Privacy, Security

We look at this mysterious line:

Somehow, this is an encrypted, or scrambled version of "Be sure to drink your Ovaltine."

In the movie "A Christmas Story," the main character Ralphie has a decoder ring that he uses to encrypt and decrypt messages.

A cipher is an algorithm to convert letters from one to another, like using the number 2 to convert "a" to "c" and "b" to "d," shifting all the letters forward by 2.

With a code, letters are randomly converted from one to another with some mapping, like "b" to "q" and "c" to "z". This is more secure because there are more combinations, and the pattern is less obvious.

But these ciphers and codes are still easy to crack, since we can guess what the most frequent letters are, and what two-letter words are.

A cipher only requires O(n) to crack, since we can try every rotation number until we have a message.

We might try to add random letters to the output to hide the message.

We could also rotate each letter in the phrase by a different number.

For example, the first letter we might rotate by 13, the second one 14, the first one 13 again, etc.

If we had 6 different numbers to rotate by, we would have 26^6 = 308915776 combinations for an attacker to try.

We might use a cloud storage service like Dropbox or Google Drive, and they might say our files are kept secure by encryption.

We know that files in computers are represented in binary as 0s and 1s, so we can manipulate them as numbers to encrypt them.

But even if we have an algorithm to encrypt binary data, we need to provide it some key, like the number 13 in our cipher earlier (and hopefully much larger). And Dropbox might create a key to encrypt our data for us, and use our password to encrypt that key, so our files are still safe even if both the files and encrypted key are stolen.

Dropbox might want to use deduplication, or store each file that a user uploads only once. For example, everyone might have a copy of the same movie and upload it to Dropbox, but they don’t want to store one copy for each person who uploads it, to minimize cost.

The implication there, though, is that Dropbox has to know the key that encrypts all the users' files, to check that the same file isn’t stored multiple times.

To reduce costs of storage, we have the tradeoff of lower user privacy.

One way to get around this is to use some other software that encrypts your data on your computer, before it’s uploaded to Dropbox. Then if you want to share a file with others, you can send them the Dropbox link along with the encryption key.

About a year ago, Apple had a legal battle with the FBI, who wanted Apple to modify the device to allow multiple attempts at guessing the passcode without destroying the data.

We might want to choose a short passcode that’s easy to remember and use, but that comes with a tradeoff that it might be guessed in fewer attempts.

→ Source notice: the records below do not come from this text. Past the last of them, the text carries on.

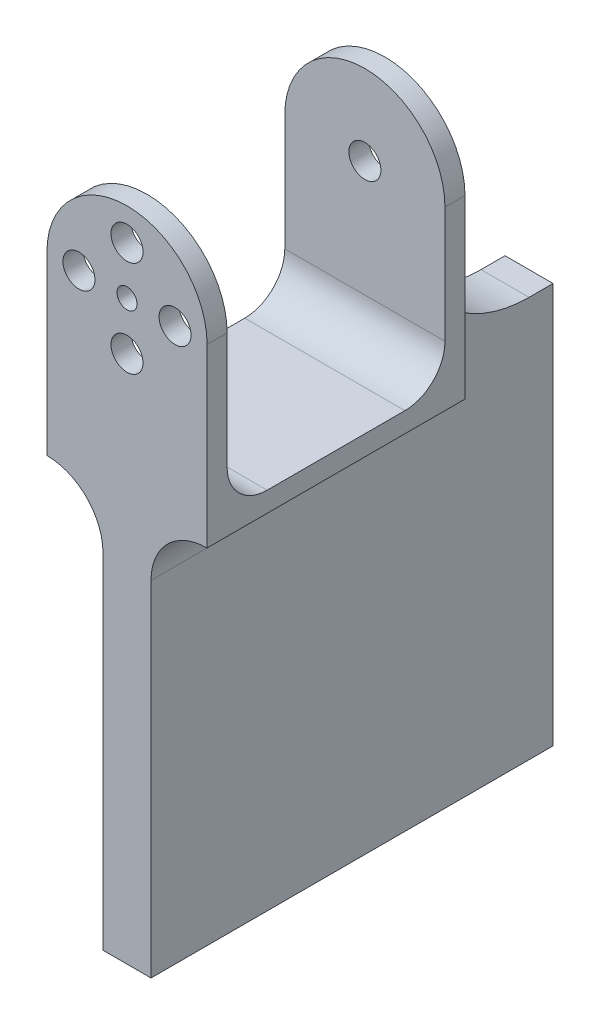
ISO-10303-21;
HEADER;
FILE_DESCRIPTION(('STEP AP214'),'2;1');
FILE_NAME('part.step','',(''),(''),'','','');
FILE_SCHEMA(('AUTOMOTIVE_DESIGN { 1 0 10303 214 1 1 1 1 }'));
ENDSEC;
DATA;
#1=APPLICATION_CONTEXT('core data for automotive mechanical design processes');
#2=APPLICATION_PROTOCOL_DEFINITION('international standard','automotive_design',2000,#1);
#3=PRODUCT_CONTEXT('',#1,'mechanical');
#4=PRODUCT('Part','Part','',(#3));
#5=PRODUCT_RELATED_PRODUCT_CATEGORY('part','',(#4));
#6=PRODUCT_DEFINITION_FORMATION('','',#4);
#7=PRODUCT_DEFINITION_CONTEXT('part definition',#1,'design');
#8=PRODUCT_DEFINITION('design','',#6,#7);
#9=PRODUCT_DEFINITION_SHAPE('','',#8);
#10=(LENGTH_UNIT() NAMED_UNIT(*) SI_UNIT(.MILLI.,.METRE.));
#11=(NAMED_UNIT(*) PLANE_ANGLE_UNIT() SI_UNIT($,.RADIAN.));
#12=(NAMED_UNIT(*) SI_UNIT($,.STERADIAN.) SOLID_ANGLE_UNIT());
#13=UNCERTAINTY_MEASURE_WITH_UNIT(LENGTH_MEASURE(1.E-05),#10,'distance_accuracy_value','');
#14=(GEOMETRIC_REPRESENTATION_CONTEXT(3) GLOBAL_UNCERTAINTY_ASSIGNED_CONTEXT((#13)) GLOBAL_UNIT_ASSIGNED_CONTEXT((#10,
#11,#12)) REPRESENTATION_CONTEXT('',''));
#15=CARTESIAN_POINT('',(0.,0.,0.));
#16=DIRECTION('',(0.,0.,1.));
#17=DIRECTION('',(1.,0.,0.));
#18=AXIS2_PLACEMENT_3D('',#15,#16,#17);
#19=CARTESIAN_POINT('',(0.,0.,2.5));
#20=DIRECTION('',(0.,0.,-1.));
#21=DIRECTION('',(-1.,0.,0.));
#22=AXIS2_PLACEMENT_3D('',#19,#20,#21);
#23=CYLINDRICAL_SURFACE('',#22,10.);
#24=CARTESIAN_POINT('',(0.,0.,0.));
#25=DIRECTION('',(0.,0.,-1.));
#26=DIRECTION('',(-1.,0.,0.));
#27=AXIS2_PLACEMENT_3D('',#24,#25,#26);
#28=CIRCLE('',#27,10.);
#29=CARTESIAN_POINT('',(-10.,0.,0.));
#30=VERTEX_POINT('',#29);
#31=CARTESIAN_POINT('',(10.,0.,0.));
#32=VERTEX_POINT('',#31);
#33=EDGE_CURVE('E326',#30,#32,#28,.T.);
#34=ORIENTED_EDGE('',*,*,#33,.F.);
#35=DIRECTION('',(0.,0.,1.));
#36=VECTOR('',#35,1.);
#37=CARTESIAN_POINT('',(-10.,0.,-29.732137494637));
#38=LINE('',#37,#36);
#39=CARTESIAN_POINT('',(-10.,0.,2.5));
#40=VERTEX_POINT('',#39);
#41=EDGE_CURVE('E277',#30,#40,#38,.T.);
#42=ORIENTED_EDGE('',*,*,#41,.T.);
#43=CARTESIAN_POINT('',(0.,0.,2.5));
#44=DIRECTION('',(0.,0.,-1.));
#45=DIRECTION('',(-1.,0.,0.));
#46=AXIS2_PLACEMENT_3D('',#43,#44,#45);
#47=CIRCLE('',#46,10.);
#48=CARTESIAN_POINT('',(10.,0.,2.5));
#49=VERTEX_POINT('',#48);
#50=EDGE_CURVE('E327',#40,#49,#47,.T.);
#51=ORIENTED_EDGE('',*,*,#50,.T.);
#52=DIRECTION('',(0.,0.,1.));
#53=VECTOR('',#52,1.);
#54=CARTESIAN_POINT('',(10.,0.,-29.732137494637));
#55=LINE('',#54,#53);
#56=EDGE_CURVE('E273',#32,#49,#55,.T.);
#57=ORIENTED_EDGE('',*,*,#56,.F.);
#58=EDGE_LOOP('',(#34,#42,#51,#57));
#59=FACE_BOUND('',#58,.T.);
#60=ADVANCED_FACE('F39',(#59),#23,.T.);
#61=CARTESIAN_POINT('',(0.,0.,2.5));
#62=DIRECTION('',(0.,0.,-1.));
#63=DIRECTION('',(-1.,0.,0.));
#64=AXIS2_PLACEMENT_3D('',#61,#62,#63);
#65=PLANE('',#64);
#66=CARTESIAN_POINT('',(6.,0.,2.5));
#67=DIRECTION('',(0.,0.,-1.));
#68=DIRECTION('',(-1.,0.,0.));
#69=AXIS2_PLACEMENT_3D('',#66,#67,#68);
#70=CIRCLE('',#69,2.);
#71=CARTESIAN_POINT('',(4.,0.,2.5));
#72=VERTEX_POINT('',#71);
#73=EDGE_CURVE('E306',#72,#72,#70,.T.);
#74=ORIENTED_EDGE('',*,*,#73,.T.);
#75=EDGE_LOOP('',(#74));
#76=FACE_BOUND('',#75,.T.);
#77=CARTESIAN_POINT('',(0.,-6.,2.5));
#78=DIRECTION('',(0.,0.,-1.));
#79=DIRECTION('',(-1.,0.,0.));
#80=AXIS2_PLACEMENT_3D('',#77,#78,#79);
#81=CIRCLE('',#80,2.);
#82=CARTESIAN_POINT('',(-2.,-6.,2.5));
#83=VERTEX_POINT('',#82);
#84=EDGE_CURVE('E302',#83,#83,#81,.T.);
#85=ORIENTED_EDGE('',*,*,#84,.T.);
#86=EDGE_LOOP('',(#85));
#87=FACE_BOUND('',#86,.T.);
#88=CARTESIAN_POINT('',(-6.,0.,2.5));
#89=DIRECTION('',(0.,0.,-1.));
#90=DIRECTION('',(-1.,0.,0.));
#91=AXIS2_PLACEMENT_3D('',#88,#89,#90);
#92=CIRCLE('',#91,2.);
#93=CARTESIAN_POINT('',(-8.,0.,2.5));
#94=VERTEX_POINT('',#93);
#95=EDGE_CURVE('E291',#94,#94,#92,.T.);
#96=ORIENTED_EDGE('',*,*,#95,.T.);
#97=EDGE_LOOP('',(#96));
#98=FACE_BOUND('',#97,.T.);
#99=CARTESIAN_POINT('',(0.,6.,2.5));
#100=DIRECTION('',(0.,0.,-1.));
#101=DIRECTION('',(-1.,0.,0.));
#102=AXIS2_PLACEMENT_3D('',#99,#100,#101);
#103=CIRCLE('',#102,2.);
#104=CARTESIAN_POINT('',(-2.,6.,2.5));
#105=VERTEX_POINT('',#104);
#106=EDGE_CURVE('E314',#105,#105,#103,.T.);
#107=ORIENTED_EDGE('',*,*,#106,.T.);
#108=EDGE_LOOP('',(#107));
#109=FACE_BOUND('',#108,.T.);
#110=CARTESIAN_POINT('',(0.,0.,2.5));
#111=DIRECTION('',(0.,0.,-1.));
#112=DIRECTION('',(-1.,0.,0.));
#113=AXIS2_PLACEMENT_3D('',#110,#111,#112);
#114=CIRCLE('',#113,1.25);
#115=CARTESIAN_POINT('',(-1.25,0.,2.5));
#116=VERTEX_POINT('',#115);
#117=EDGE_CURVE('E322',#116,#116,#114,.T.);
#118=ORIENTED_EDGE('',*,*,#117,.T.);
#119=EDGE_LOOP('',(#118));
#120=FACE_BOUND('',#119,.T.);
#121=ORIENTED_EDGE('',*,*,#50,.F.);
#122=DIRECTION('',(0.,-1.,0.));
#123=VECTOR('',#122,1.);
#124=CARTESIAN_POINT('',(-10.,0.,2.5));
#125=LINE('',#124,#123);
#126=CARTESIAN_POINT('',(-10.,-22.,2.5));
#127=VERTEX_POINT('',#126);
#128=EDGE_CURVE('E257',#40,#127,#125,.T.);
#129=ORIENTED_EDGE('',*,*,#128,.T.);
#130=CARTESIAN_POINT('',(-10.,-29.,2.5));
#131=DIRECTION('',(0.,0.,-1.));
#132=DIRECTION('',(-1.,0.,0.));
#133=AXIS2_PLACEMENT_3D('',#130,#131,#132);
#134=CIRCLE('',#133,7.);
#135=CARTESIAN_POINT('',(-3.,-29.,2.5));
#136=VERTEX_POINT('',#135);
#137=EDGE_CURVE('E373',#127,#136,#134,.T.);
#138=ORIENTED_EDGE('',*,*,#137,.T.);
#139=DIRECTION('',(0.,1.,0.));
#140=VECTOR('',#139,1.);
#141=CARTESIAN_POINT('',(-3.,-72.,2.5));
#142=LINE('',#141,#140);
#143=CARTESIAN_POINT('',(-3.,-72.,2.5));
#144=VERTEX_POINT('',#143);
#145=EDGE_CURVE('E205',#144,#136,#142,.T.);
#146=ORIENTED_EDGE('',*,*,#145,.F.);
#147=DIRECTION('',(-1.,0.,0.));
#148=VECTOR('',#147,1.);
#149=CARTESIAN_POINT('',(3.,-72.,2.5));
#150=LINE('',#149,#148);
#151=CARTESIAN_POINT('',(3.,-72.,2.5));
#152=VERTEX_POINT('',#151);
#153=EDGE_CURVE('E171',#152,#144,#150,.T.);
#154=ORIENTED_EDGE('',*,*,#153,.F.);
#155=DIRECTION('',(0.,1.,0.));
#156=VECTOR('',#155,1.);
#157=CARTESIAN_POINT('',(3.,-72.,2.5));
#158=LINE('',#157,#156);
#159=CARTESIAN_POINT('',(3.,-29.,2.5));
#160=VERTEX_POINT('',#159);
#161=EDGE_CURVE('E168',#152,#160,#158,.T.);
#162=ORIENTED_EDGE('',*,*,#161,.T.);
#163=CARTESIAN_POINT('',(10.,-29.,2.5));
#164=DIRECTION('',(0.,0.,-1.));
#165=DIRECTION('',(-1.,0.,0.));
#166=AXIS2_PLACEMENT_3D('',#163,#164,#165);
#167=CIRCLE('',#166,7.);
#168=CARTESIAN_POINT('',(10.,-22.,2.5));
#169=VERTEX_POINT('',#168);
#170=EDGE_CURVE('E376',#160,#169,#167,.T.);
#171=ORIENTED_EDGE('',*,*,#170,.T.);
#172=DIRECTION('',(0.,1.,0.));
#173=VECTOR('',#172,1.);
#174=CARTESIAN_POINT('',(10.,0.,2.5));
#175=LINE('',#174,#173);
#176=EDGE_CURVE('E258',#169,#49,#175,.T.);
#177=ORIENTED_EDGE('',*,*,#176,.T.);
#178=EDGE_LOOP('',(#121,#129,#138,#146,#154,#162,#171,#177));
#179=FACE_BOUND('',#178,.T.);
#180=ADVANCED_FACE('F409',(#76,#87,#98,#109,#120,#179),#65,.F.);
#181=CARTESIAN_POINT('',(0.,0.,0.));
#182=DIRECTION('',(0.,0.,-1.));
#183=DIRECTION('',(-1.,0.,0.));
#184=AXIS2_PLACEMENT_3D('',#181,#182,#183);
#185=PLANE('',#184);
#186=DIRECTION('',(0.,1.,0.));
#187=VECTOR('',#186,1.);
#188=CARTESIAN_POINT('',(10.,0.,0.));
#189=LINE('',#188,#187);
#190=CARTESIAN_POINT('',(10.,-14.5,0.));
#191=VERTEX_POINT('',#190);
#192=EDGE_CURVE('E270',#191,#32,#189,.T.);
#193=ORIENTED_EDGE('',*,*,#192,.F.);
#194=DIRECTION('',(1.,0.,0.));
#195=VECTOR('',#194,1.);
#196=CARTESIAN_POINT('',(0.,-14.5,0.));
#197=LINE('',#196,#195);
#198=CARTESIAN_POINT('',(-10.,-14.5,0.));
#199=VERTEX_POINT('',#198);
#200=EDGE_CURVE('E341',#191,#199,#197,.F.);
#201=ORIENTED_EDGE('',*,*,#200,.T.);
#202=DIRECTION('',(0.,-1.,0.));
#203=VECTOR('',#202,1.);
#204=CARTESIAN_POINT('',(-10.,0.,0.));
#205=LINE('',#204,#203);
#206=EDGE_CURVE('E262',#30,#199,#205,.T.);
#207=ORIENTED_EDGE('',*,*,#206,.F.);
#208=ORIENTED_EDGE('',*,*,#33,.T.);
#209=EDGE_LOOP('',(#193,#201,#207,#208));
#210=FACE_BOUND('',#209,.T.);
#211=CARTESIAN_POINT('',(6.,0.,0.));
#212=DIRECTION('',(0.,0.,-1.));
#213=DIRECTION('',(0.,1.,0.));
#214=AXIS2_PLACEMENT_3D('',#211,#212,#213);
#215=CIRCLE('',#214,2.);
#216=CARTESIAN_POINT('',(6.00000000000001,1.99999999999998,0.));
#217=VERTEX_POINT('',#216);
#218=EDGE_CURVE('E287',#217,#217,#215,.T.);
#219=ORIENTED_EDGE('',*,*,#218,.F.);
#220=EDGE_LOOP('',(#219));
#221=FACE_BOUND('',#220,.T.);
#222=CARTESIAN_POINT('',(0.,-6.,0.));
#223=DIRECTION('',(0.,0.,-1.));
#224=DIRECTION('',(1.,0.,0.));
#225=AXIS2_PLACEMENT_3D('',#222,#223,#224);
#226=CIRCLE('',#225,2.);
#227=CARTESIAN_POINT('',(2.,-6.,0.));
#228=VERTEX_POINT('',#227);
#229=EDGE_CURVE('E292',#228,#228,#226,.T.);
#230=ORIENTED_EDGE('',*,*,#229,.F.);
#231=EDGE_LOOP('',(#230));
#232=FACE_BOUND('',#231,.T.);
#233=CARTESIAN_POINT('',(-6.,0.,0.));
#234=DIRECTION('',(0.,0.,-1.));
#235=DIRECTION('',(0.,-1.,0.));
#236=AXIS2_PLACEMENT_3D('',#233,#234,#235);
#237=CIRCLE('',#236,2.);
#238=CARTESIAN_POINT('',(-6.00000000000002,-1.99999999999994,0.));
#239=VERTEX_POINT('',#238);
#240=EDGE_CURVE('E286',#239,#239,#237,.T.);
#241=ORIENTED_EDGE('',*,*,#240,.F.);
#242=EDGE_LOOP('',(#241));
#243=FACE_BOUND('',#242,.T.);
#244=CARTESIAN_POINT('',(0.,6.,0.));
#245=DIRECTION('',(0.,0.,-1.));
#246=DIRECTION('',(-1.,0.,0.));
#247=AXIS2_PLACEMENT_3D('',#244,#245,#246);
#248=CIRCLE('',#247,2.);
#249=CARTESIAN_POINT('',(-2.,6.,0.));
#250=VERTEX_POINT('',#249);
#251=EDGE_CURVE('E310',#250,#250,#248,.T.);
#252=ORIENTED_EDGE('',*,*,#251,.F.);
#253=EDGE_LOOP('',(#252));
#254=FACE_BOUND('',#253,.T.);
#255=CARTESIAN_POINT('',(0.,0.,0.));
#256=DIRECTION('',(0.,0.,-1.));
#257=DIRECTION('',(-1.,0.,0.));
#258=AXIS2_PLACEMENT_3D('',#255,#256,#257);
#259=CIRCLE('',#258,1.25);
#260=CARTESIAN_POINT('',(-1.25,0.,0.));
#261=VERTEX_POINT('',#260);
#262=EDGE_CURVE('E318',#261,#261,#259,.T.);
#263=ORIENTED_EDGE('',*,*,#262,.F.);
#264=EDGE_LOOP('',(#263));
#265=FACE_BOUND('',#264,.T.);
#266=ADVANCED_FACE('F418',(#210,#221,#232,#243,#254,#265),#185,.T.);
#267=CARTESIAN_POINT('',(0.,0.,10.));
#268=DIRECTION('',(0.,0.,-1.));
#269=DIRECTION('',(-1.,0.,0.));
#270=AXIS2_PLACEMENT_3D('',#267,#268,#269);
#271=CYLINDRICAL_SURFACE('',#270,1.25);
#272=ORIENTED_EDGE('',*,*,#262,.T.);
#273=EDGE_LOOP('',(#272));
#274=FACE_BOUND('',#273,.T.);
#275=ORIENTED_EDGE('',*,*,#117,.F.);
#276=EDGE_LOOP('',(#275));
#277=FACE_BOUND('',#276,.T.);
#278=ADVANCED_FACE('F600',(#274,#277),#271,.F.);
#279=CARTESIAN_POINT('',(0.,6.,10.));
#280=DIRECTION('',(0.,0.,-1.));
#281=DIRECTION('',(-1.,0.,0.));
#282=AXIS2_PLACEMENT_3D('',#279,#280,#281);
#283=CYLINDRICAL_SURFACE('',#282,2.);
#284=ORIENTED_EDGE('',*,*,#251,.T.);
#285=EDGE_LOOP('',(#284));
#286=FACE_BOUND('',#285,.T.);
#287=ORIENTED_EDGE('',*,*,#106,.F.);
#288=EDGE_LOOP('',(#287));
#289=FACE_BOUND('',#288,.T.);
#290=ADVANCED_FACE('F648',(#286,#289),#283,.F.);
#291=CARTESIAN_POINT('',(-6.,0.,10.));
#292=DIRECTION('',(0.,0.,-1.));
#293=DIRECTION('',(-1.,0.,0.));
#294=AXIS2_PLACEMENT_3D('',#291,#292,#293);
#295=CYLINDRICAL_SURFACE('',#294,2.);
#296=ORIENTED_EDGE('',*,*,#240,.T.);
#297=EDGE_LOOP('',(#296));
#298=FACE_BOUND('',#297,.T.);
#299=ORIENTED_EDGE('',*,*,#95,.F.);
#300=EDGE_LOOP('',(#299));
#301=FACE_BOUND('',#300,.T.);
#302=ADVANCED_FACE('F638',(#298,#301),#295,.F.);
#303=CARTESIAN_POINT('',(0.,-6.,10.));
#304=DIRECTION('',(0.,0.,-1.));
#305=DIRECTION('',(-1.,0.,0.));
#306=AXIS2_PLACEMENT_3D('',#303,#304,#305);
#307=CYLINDRICAL_SURFACE('',#306,2.);
#308=ORIENTED_EDGE('',*,*,#229,.T.);
#309=EDGE_LOOP('',(#308));
#310=FACE_BOUND('',#309,.T.);
#311=ORIENTED_EDGE('',*,*,#84,.F.);
#312=EDGE_LOOP('',(#311));
#313=FACE_BOUND('',#312,.T.);
#314=ADVANCED_FACE('F628',(#310,#313),#307,.F.);
#315=CARTESIAN_POINT('',(6.,0.,10.));
#316=DIRECTION('',(0.,0.,-1.));
#317=DIRECTION('',(-1.,0.,0.));
#318=AXIS2_PLACEMENT_3D('',#315,#316,#317);
#319=CYLINDRICAL_SURFACE('',#318,2.);
#320=ORIENTED_EDGE('',*,*,#218,.T.);
#321=EDGE_LOOP('',(#320));
#322=FACE_BOUND('',#321,.T.);
#323=ORIENTED_EDGE('',*,*,#73,.F.);
#324=EDGE_LOOP('',(#323));
#325=FACE_BOUND('',#324,.T.);
#326=ADVANCED_FACE('F545',(#322,#325),#319,.F.);
#327=CARTESIAN_POINT('',(-10.,0.,-29.732137494637));
#328=DIRECTION('',(-1.,0.,0.));
#329=DIRECTION('',(0.,-1.,0.));
#330=AXIS2_PLACEMENT_3D('',#327,#328,#329);
#331=PLANE('',#330);
#332=ORIENTED_EDGE('',*,*,#41,.F.);
#333=ORIENTED_EDGE('',*,*,#206,.T.);
#334=CARTESIAN_POINT('',(-10.,-14.5,-5.));
#335=DIRECTION('',(-1.,0.,0.));
#336=DIRECTION('',(0.,-1.,0.));
#337=AXIS2_PLACEMENT_3D('',#334,#335,#336);
#338=CIRCLE('',#337,5.);
#339=CARTESIAN_POINT('',(-10.,-19.5,-5.));
#340=VERTEX_POINT('',#339);
#341=EDGE_CURVE('E351',#199,#340,#338,.F.);
#342=ORIENTED_EDGE('',*,*,#341,.T.);
#343=DIRECTION('',(0.,0.,1.));
#344=VECTOR('',#343,1.);
#345=CARTESIAN_POINT('',(-10.,-19.5,-27.2));
#346=LINE('',#345,#344);
#347=CARTESIAN_POINT('',(-10.,-19.5,-22.2));
#348=VERTEX_POINT('',#347);
#349=EDGE_CURVE('E253',#348,#340,#346,.T.);
#350=ORIENTED_EDGE('',*,*,#349,.F.);
#351=CARTESIAN_POINT('',(-10.,-14.5,-22.2));
#352=DIRECTION('',(-1.,0.,0.));
#353=DIRECTION('',(0.,-1.,0.));
#354=AXIS2_PLACEMENT_3D('',#351,#352,#353);
#355=CIRCLE('',#354,5.);
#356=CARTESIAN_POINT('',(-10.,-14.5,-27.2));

Whether or not there is a backdoor, or way to bypass a security system, is another discussion with tradeoffs.

We might also have smart TVs or phones that are vulnerable to hacking because they haven’t been updated to fix security bugs. We might think a webcam isn’t on because the light isn’t on, but that line of code could be changed.

We generally trust software we download, and programs like Keynote might be secretly using our microphone without us knowing.

Our phones also have location services all the time.

If we think back to our discussion of compilers, source code that we write might be legitimate, but the compiled code might even include threats if the compiler is malicious.

And even if we write the binary program ourselves, we have to trust that the hardware, the Intel or AMD CPU, is not running instructions we didn’t provide.

With so many layers in technology today, we inevitably have to trust someone somewhere.

The Volkswagen emissions scandal, where they wrote software to emit less fumes when the car was being tested, demonstrates that software could act differently while being tested, so malware might not be easily detectable.

Recently, Cloudflare, a CDN provider, experienced an obscure bug where data from other websites (stored in memory of the server) were being returned when they should not have been.

Encryption mechanisms are generally too secure to attack, but there are other ways (such as exploiting these bugs, or adding software to laptops before they leave the factory) to weaken a system’s security.

We might have software that tries random inputs to look for anything that might be problematic, but if we do have widespread, serious issues, it’s best to disclose and acknowledge the problem after it’s fixed.

Many technology companies have bug bounty programs whereby they will offer some amount of money to external programmers who discover security bugs, report them to the company, and allow them time to fix the bugs.

A 0-day attack is where someone discovers a security issue and takes advantage of it before there is a solution or before the company is even aware.

So how might we establish a secure connection with a remote server? Encryption algorithms still require some secret key that both sides, but no one else, has.

Public-key cryptography is a system where two keys, one "public" key and one "private" key, has some mathematical properties such that data encrypted with the public key can only be decrypted with the private key, and there is no easy way to derive the private key from the public key.

Your browser uses the public key of a remote server to encrypt some secret key, thereby establishing a secure connection.

But these mathematical algorithms tend to rely on computationally difficult operations, such as factoring large numbers, to prevent the private key from being derived from the public key. But if these operations are more efficiently solved by new technologies, such as quantum computing, or even a mathematical way to reduce the time taken, then these encryption algorithms are severely weakened.